[[ Material to process open ]]

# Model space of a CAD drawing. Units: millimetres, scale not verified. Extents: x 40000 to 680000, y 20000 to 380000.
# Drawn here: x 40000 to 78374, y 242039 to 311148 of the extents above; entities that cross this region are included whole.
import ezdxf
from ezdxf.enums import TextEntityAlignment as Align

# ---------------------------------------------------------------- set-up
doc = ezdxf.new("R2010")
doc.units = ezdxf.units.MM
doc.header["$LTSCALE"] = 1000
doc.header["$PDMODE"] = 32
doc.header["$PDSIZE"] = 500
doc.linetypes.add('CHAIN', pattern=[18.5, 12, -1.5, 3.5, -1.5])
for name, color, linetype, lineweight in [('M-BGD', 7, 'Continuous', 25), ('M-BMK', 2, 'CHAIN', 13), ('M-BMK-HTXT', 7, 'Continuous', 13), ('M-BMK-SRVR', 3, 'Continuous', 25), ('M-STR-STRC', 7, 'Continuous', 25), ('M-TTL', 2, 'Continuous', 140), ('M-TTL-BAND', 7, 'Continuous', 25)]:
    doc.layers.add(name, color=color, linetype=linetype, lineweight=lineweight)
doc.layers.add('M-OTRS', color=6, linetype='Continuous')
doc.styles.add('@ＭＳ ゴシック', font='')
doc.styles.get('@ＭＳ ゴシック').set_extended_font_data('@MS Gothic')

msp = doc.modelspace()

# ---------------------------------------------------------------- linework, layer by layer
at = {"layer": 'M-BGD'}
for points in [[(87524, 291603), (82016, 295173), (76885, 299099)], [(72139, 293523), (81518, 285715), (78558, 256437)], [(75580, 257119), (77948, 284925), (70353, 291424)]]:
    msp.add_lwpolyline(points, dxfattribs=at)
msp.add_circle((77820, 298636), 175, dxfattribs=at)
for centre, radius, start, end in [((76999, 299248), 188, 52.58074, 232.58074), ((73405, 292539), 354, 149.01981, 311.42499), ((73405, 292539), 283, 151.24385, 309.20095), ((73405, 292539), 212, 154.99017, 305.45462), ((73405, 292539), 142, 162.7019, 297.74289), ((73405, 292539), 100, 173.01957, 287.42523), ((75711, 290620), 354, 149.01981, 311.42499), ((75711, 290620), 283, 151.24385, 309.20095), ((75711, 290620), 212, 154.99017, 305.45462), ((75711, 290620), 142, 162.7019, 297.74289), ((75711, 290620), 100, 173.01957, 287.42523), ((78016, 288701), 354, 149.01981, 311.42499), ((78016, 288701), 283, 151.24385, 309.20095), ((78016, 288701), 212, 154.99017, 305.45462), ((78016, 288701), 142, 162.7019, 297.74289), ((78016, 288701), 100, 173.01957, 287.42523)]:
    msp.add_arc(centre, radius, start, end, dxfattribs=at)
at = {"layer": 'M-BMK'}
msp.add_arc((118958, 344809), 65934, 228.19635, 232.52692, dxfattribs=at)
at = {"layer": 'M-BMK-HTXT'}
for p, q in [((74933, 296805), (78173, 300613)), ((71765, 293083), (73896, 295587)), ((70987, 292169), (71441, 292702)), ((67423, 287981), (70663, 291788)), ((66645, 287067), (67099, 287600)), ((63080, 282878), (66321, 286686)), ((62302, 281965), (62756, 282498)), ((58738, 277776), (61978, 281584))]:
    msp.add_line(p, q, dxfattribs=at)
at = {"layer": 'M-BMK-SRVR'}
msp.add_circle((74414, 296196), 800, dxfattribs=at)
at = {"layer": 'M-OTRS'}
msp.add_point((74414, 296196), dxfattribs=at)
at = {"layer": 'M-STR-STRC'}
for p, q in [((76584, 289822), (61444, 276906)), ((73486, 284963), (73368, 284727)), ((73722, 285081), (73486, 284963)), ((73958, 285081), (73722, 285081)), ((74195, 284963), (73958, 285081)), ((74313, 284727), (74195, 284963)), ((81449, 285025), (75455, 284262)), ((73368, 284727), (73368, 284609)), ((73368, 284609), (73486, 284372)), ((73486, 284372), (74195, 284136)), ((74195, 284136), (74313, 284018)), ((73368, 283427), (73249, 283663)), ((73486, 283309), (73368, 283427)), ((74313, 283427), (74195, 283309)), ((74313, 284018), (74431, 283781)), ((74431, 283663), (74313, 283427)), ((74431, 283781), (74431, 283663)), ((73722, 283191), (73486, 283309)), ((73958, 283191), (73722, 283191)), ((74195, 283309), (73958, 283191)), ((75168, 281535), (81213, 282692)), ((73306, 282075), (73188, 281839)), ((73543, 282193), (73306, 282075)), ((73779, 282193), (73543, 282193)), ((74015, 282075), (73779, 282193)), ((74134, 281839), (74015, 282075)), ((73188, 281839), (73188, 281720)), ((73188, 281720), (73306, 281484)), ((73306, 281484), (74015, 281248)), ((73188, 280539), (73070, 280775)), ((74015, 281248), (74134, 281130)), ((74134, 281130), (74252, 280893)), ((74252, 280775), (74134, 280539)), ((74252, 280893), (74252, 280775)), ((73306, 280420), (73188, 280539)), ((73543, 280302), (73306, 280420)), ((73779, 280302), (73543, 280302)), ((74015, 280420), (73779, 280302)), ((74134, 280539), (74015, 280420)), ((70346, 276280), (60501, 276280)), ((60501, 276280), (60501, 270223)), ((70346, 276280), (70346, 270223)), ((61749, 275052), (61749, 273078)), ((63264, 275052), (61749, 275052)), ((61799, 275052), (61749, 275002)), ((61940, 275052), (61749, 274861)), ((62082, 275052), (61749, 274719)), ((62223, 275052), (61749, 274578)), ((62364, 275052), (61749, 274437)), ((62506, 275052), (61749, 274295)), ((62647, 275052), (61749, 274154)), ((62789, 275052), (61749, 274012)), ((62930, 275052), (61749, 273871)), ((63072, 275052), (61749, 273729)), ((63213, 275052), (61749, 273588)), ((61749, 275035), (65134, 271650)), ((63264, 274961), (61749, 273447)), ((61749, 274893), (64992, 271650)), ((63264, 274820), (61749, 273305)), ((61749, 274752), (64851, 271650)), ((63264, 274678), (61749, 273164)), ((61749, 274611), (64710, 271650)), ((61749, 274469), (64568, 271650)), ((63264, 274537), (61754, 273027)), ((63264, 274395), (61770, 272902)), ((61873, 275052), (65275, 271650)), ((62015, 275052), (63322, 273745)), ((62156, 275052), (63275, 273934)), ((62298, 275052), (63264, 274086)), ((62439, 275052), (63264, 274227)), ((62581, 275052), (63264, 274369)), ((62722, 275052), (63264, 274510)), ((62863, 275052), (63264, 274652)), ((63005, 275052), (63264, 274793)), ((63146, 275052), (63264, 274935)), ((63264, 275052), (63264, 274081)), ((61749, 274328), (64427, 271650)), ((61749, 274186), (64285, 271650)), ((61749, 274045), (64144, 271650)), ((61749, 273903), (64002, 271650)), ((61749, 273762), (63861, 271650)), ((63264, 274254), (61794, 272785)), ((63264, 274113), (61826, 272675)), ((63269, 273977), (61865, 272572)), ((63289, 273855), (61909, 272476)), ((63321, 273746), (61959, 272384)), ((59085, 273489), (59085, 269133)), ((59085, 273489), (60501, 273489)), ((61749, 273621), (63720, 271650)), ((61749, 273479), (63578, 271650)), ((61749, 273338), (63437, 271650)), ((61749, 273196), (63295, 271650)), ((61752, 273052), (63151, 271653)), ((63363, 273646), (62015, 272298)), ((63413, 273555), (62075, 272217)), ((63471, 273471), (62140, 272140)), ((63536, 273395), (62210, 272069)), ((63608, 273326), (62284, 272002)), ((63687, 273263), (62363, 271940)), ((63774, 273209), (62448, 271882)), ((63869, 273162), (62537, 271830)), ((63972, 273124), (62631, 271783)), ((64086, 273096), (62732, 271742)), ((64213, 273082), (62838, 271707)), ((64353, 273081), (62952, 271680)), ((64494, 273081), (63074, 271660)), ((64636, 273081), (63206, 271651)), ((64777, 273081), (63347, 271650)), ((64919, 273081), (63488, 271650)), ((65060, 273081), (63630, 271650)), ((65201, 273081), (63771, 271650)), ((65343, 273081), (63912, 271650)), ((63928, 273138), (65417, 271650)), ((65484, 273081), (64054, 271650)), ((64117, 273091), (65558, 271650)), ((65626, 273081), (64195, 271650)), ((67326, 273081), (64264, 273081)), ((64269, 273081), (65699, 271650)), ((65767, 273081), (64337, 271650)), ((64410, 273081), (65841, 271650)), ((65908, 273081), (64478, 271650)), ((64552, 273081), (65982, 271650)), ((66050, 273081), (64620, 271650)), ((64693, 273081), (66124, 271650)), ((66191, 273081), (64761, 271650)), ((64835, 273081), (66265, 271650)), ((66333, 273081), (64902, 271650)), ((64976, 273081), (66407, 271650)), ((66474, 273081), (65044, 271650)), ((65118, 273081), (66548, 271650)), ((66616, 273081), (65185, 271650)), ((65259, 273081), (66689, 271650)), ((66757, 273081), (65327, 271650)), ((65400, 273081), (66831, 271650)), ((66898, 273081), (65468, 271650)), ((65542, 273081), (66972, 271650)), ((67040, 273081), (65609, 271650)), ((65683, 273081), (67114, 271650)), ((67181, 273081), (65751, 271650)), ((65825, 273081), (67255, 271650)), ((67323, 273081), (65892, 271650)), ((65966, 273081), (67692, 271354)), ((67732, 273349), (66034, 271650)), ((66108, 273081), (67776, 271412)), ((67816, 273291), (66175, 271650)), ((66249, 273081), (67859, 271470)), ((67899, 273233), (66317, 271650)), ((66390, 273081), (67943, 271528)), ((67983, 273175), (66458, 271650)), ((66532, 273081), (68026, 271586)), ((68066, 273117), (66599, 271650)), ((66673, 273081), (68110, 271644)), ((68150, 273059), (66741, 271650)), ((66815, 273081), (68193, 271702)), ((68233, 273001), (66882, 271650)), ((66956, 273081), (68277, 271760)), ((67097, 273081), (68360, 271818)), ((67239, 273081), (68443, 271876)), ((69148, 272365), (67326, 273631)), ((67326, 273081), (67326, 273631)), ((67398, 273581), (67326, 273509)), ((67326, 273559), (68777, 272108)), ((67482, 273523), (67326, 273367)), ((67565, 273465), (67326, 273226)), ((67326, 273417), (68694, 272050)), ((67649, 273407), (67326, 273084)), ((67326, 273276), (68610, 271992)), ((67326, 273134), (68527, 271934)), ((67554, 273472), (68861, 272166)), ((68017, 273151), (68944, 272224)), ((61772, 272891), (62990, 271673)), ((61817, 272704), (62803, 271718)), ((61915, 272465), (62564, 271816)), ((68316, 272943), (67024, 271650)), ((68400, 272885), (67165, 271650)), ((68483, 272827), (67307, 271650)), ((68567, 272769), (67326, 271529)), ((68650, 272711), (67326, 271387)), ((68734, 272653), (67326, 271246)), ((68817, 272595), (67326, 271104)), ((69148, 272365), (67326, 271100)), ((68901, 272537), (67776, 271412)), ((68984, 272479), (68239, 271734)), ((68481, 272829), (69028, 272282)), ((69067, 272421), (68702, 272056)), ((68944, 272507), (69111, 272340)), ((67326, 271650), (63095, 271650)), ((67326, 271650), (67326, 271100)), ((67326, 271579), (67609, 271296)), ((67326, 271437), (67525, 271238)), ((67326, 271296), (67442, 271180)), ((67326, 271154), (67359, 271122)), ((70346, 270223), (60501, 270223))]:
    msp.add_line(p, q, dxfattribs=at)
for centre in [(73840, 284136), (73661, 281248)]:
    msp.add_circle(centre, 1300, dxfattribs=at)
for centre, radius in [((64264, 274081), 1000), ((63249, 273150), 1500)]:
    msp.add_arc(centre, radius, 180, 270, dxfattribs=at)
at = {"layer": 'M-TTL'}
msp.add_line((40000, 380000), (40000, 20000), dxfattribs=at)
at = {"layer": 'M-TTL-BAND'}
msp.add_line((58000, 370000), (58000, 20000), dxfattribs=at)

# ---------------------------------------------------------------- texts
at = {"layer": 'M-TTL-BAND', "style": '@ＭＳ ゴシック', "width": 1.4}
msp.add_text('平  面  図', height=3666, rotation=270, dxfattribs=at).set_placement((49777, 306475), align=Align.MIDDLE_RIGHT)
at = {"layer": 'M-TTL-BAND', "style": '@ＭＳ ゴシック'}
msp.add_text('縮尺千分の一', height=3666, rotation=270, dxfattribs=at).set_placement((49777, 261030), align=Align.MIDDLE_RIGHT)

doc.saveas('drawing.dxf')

[[ Material to process closed ]]

§ **Activity**
The answer must consist of every line from the data that contains the word "name".

§ **Written answer**
for name, color, linetype, lineweight in [('M-BGD', 7, 'Continuous', 25), ('M-BMK', 2, 'CHAIN', 13), ('M-BMK-HTXT', 7, 'Continuous', 13), ('M-BMK-SRVR', 3, 'Continuous', 25), ('M-STR-STRC', 7, 'Continuous', 25), ('M-TTL', 2, 'Continuous', 140), ('M-TTL-BAND', 7, 'Continuous', 25)]:
    doc.layers.add(name, color=color, linetype=linetype, lineweight=lineweight)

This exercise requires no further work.